Problem to work on
Needed from the data below: every line from the one with "settings OptimizationCC: DefaultParameterBehavior=Inlined" up to and including the one with "settings ModelReferenceCC: EnableRefExpFcnMdlSchedulingChecks=on", repeated exactly and with nothing else.

Collected data entries:
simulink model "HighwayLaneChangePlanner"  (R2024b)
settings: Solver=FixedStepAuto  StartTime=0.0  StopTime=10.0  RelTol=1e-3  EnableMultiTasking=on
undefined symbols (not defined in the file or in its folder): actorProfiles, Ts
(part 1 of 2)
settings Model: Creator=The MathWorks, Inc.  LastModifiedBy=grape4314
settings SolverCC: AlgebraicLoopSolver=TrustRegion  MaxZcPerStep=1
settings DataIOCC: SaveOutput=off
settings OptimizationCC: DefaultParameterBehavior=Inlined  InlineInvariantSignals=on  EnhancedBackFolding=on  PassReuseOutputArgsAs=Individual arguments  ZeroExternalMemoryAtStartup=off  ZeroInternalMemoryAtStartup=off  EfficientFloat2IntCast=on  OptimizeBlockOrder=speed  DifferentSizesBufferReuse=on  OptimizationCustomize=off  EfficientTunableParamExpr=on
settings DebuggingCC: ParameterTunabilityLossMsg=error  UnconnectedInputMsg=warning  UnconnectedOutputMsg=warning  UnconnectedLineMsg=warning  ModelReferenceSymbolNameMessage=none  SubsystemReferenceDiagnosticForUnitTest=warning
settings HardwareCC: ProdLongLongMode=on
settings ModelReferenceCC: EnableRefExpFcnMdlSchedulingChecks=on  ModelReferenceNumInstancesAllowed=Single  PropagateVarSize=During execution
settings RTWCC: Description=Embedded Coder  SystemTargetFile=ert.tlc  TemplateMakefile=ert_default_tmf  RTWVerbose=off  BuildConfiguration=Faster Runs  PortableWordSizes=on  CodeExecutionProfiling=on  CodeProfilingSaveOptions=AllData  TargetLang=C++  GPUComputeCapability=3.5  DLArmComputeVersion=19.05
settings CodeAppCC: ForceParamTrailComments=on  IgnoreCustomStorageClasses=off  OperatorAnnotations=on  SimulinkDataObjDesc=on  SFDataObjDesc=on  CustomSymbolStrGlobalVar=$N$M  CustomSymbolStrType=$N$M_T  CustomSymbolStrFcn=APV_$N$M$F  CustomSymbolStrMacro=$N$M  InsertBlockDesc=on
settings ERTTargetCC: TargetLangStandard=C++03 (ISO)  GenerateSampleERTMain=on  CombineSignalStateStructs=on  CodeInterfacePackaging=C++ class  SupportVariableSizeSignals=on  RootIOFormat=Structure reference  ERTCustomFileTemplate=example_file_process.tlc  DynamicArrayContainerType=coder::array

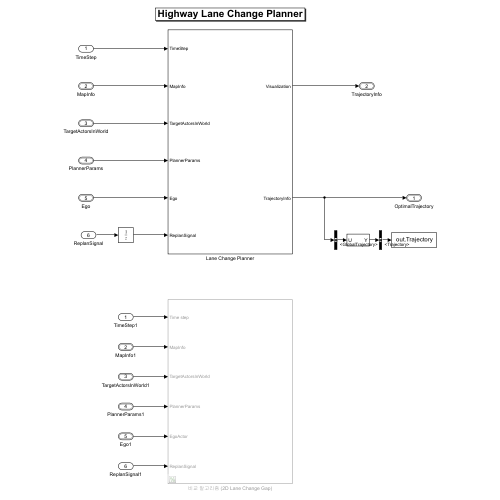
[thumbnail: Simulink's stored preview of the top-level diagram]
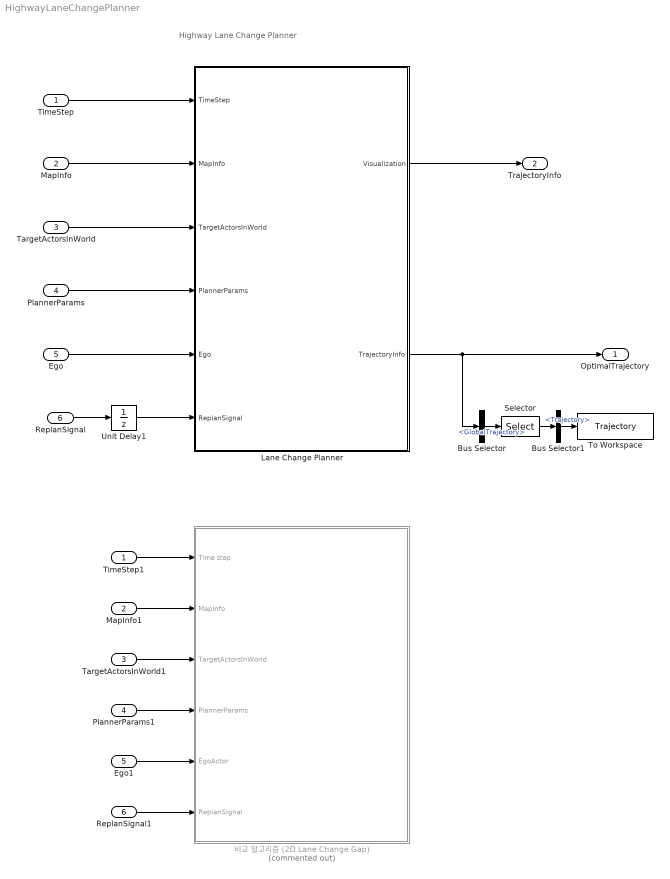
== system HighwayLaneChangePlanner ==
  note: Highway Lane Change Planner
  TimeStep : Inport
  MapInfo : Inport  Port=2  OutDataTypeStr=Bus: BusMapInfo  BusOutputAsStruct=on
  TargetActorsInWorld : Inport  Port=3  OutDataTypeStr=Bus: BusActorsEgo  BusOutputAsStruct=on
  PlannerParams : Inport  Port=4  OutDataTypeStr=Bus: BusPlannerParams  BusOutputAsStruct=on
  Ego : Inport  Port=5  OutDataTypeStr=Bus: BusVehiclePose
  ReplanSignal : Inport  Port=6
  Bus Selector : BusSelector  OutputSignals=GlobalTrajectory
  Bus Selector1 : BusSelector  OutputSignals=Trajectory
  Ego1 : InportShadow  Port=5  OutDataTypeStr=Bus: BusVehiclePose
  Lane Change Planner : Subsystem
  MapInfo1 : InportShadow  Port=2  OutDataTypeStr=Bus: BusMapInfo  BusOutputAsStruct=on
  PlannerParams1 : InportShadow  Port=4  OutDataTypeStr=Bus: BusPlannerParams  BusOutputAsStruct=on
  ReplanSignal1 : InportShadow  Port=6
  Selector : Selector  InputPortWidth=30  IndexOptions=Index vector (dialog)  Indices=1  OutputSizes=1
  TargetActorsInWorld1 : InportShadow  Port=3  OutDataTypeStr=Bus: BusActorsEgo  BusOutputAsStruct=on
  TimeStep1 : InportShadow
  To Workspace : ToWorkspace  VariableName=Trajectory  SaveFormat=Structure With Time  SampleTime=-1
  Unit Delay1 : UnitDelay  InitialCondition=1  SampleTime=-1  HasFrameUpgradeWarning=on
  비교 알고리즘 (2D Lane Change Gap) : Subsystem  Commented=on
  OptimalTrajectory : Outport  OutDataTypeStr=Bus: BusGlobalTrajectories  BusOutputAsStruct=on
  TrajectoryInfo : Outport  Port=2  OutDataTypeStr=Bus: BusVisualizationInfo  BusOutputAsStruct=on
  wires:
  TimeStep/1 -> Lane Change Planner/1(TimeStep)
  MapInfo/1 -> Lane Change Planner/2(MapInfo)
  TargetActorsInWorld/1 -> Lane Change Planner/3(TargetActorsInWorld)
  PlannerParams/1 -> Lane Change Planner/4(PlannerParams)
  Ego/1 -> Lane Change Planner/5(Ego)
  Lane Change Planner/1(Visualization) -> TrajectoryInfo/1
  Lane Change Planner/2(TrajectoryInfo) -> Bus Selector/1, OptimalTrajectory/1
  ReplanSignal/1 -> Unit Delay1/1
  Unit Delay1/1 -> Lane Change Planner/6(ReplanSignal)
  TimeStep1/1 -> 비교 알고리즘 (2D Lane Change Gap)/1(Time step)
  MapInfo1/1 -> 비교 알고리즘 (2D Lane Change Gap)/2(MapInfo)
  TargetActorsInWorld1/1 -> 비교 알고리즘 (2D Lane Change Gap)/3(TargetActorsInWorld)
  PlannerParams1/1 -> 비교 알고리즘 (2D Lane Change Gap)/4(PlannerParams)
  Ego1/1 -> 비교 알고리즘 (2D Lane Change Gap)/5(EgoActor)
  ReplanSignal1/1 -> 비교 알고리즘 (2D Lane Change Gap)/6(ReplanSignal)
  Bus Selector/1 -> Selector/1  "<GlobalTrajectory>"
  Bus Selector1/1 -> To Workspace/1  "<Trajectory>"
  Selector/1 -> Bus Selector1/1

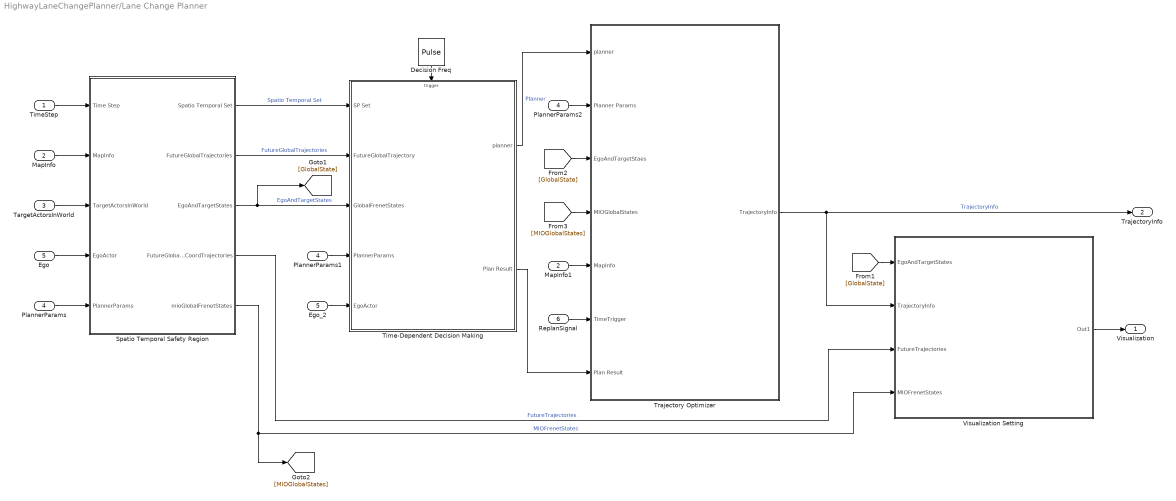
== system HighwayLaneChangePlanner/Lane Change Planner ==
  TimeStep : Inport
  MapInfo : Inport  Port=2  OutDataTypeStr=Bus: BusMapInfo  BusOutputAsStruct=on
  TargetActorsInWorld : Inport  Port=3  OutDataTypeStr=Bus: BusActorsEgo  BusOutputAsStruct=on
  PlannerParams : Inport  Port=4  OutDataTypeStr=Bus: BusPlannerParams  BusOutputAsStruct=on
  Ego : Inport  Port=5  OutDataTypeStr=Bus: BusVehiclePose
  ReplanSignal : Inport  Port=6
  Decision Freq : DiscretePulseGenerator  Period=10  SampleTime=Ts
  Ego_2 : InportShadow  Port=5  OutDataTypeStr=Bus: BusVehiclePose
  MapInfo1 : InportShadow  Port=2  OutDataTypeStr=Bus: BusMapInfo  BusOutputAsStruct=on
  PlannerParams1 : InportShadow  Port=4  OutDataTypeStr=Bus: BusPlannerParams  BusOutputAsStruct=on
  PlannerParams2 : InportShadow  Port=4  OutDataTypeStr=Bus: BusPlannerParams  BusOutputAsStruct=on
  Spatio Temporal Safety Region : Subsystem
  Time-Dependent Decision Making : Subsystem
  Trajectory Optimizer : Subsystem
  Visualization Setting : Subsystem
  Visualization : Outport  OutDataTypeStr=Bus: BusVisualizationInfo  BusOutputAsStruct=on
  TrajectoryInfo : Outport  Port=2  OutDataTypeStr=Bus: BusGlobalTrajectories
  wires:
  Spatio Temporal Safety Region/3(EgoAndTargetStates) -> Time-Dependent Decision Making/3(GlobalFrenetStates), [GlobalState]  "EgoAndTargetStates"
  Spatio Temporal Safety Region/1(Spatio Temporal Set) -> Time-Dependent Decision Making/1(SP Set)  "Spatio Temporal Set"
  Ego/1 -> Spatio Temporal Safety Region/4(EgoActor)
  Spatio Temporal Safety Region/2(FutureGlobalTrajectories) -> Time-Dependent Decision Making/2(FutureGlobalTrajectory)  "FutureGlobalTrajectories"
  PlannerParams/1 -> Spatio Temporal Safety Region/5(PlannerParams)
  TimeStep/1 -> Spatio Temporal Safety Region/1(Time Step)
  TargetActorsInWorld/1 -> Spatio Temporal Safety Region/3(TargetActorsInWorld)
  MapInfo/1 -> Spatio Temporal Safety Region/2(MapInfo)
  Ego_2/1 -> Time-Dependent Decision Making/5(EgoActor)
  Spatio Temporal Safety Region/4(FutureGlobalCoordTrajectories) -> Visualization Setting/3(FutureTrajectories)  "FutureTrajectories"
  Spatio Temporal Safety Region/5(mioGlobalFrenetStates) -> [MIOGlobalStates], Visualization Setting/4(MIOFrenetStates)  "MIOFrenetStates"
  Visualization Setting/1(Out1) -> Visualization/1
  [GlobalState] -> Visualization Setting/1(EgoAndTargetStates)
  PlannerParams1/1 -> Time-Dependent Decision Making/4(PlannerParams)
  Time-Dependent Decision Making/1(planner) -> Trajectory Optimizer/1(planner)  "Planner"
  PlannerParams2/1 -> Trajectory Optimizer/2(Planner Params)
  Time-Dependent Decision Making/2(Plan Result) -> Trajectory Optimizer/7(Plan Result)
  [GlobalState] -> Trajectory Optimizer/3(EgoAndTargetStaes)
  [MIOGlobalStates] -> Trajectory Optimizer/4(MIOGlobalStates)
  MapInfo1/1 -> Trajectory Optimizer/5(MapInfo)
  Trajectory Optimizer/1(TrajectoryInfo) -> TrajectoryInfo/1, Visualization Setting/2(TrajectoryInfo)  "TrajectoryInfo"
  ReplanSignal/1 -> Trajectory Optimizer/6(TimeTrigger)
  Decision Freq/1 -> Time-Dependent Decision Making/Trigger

Final answer
settings OptimizationCC: DefaultParameterBehavior=Inlined  InlineInvariantSignals=on  EnhancedBackFolding=on  PassReuseOutputArgsAs=Individual arguments  ZeroExternalMemoryAtStartup=off  ZeroInternalMemoryAtStartup=off  EfficientFloat2IntCast=on  OptimizeBlockOrder=speed  DifferentSizesBufferReuse=on  OptimizationCustomize=off  EfficientTunableParamExpr=on
settings DebuggingCC: ParameterTunabilityLossMsg=error  UnconnectedInputMsg=warning  UnconnectedOutputMsg=warning  UnconnectedLineMsg=warning  ModelReferenceSymbolNameMessage=none  SubsystemReferenceDiagnosticForUnitTest=warning
settings HardwareCC: ProdLongLongMode=on
settings ModelReferenceCC: EnableRefExpFcnMdlSchedulingChecks=on  ModelReferenceNumInstancesAllowed=Single  PropagateVarSize=During execution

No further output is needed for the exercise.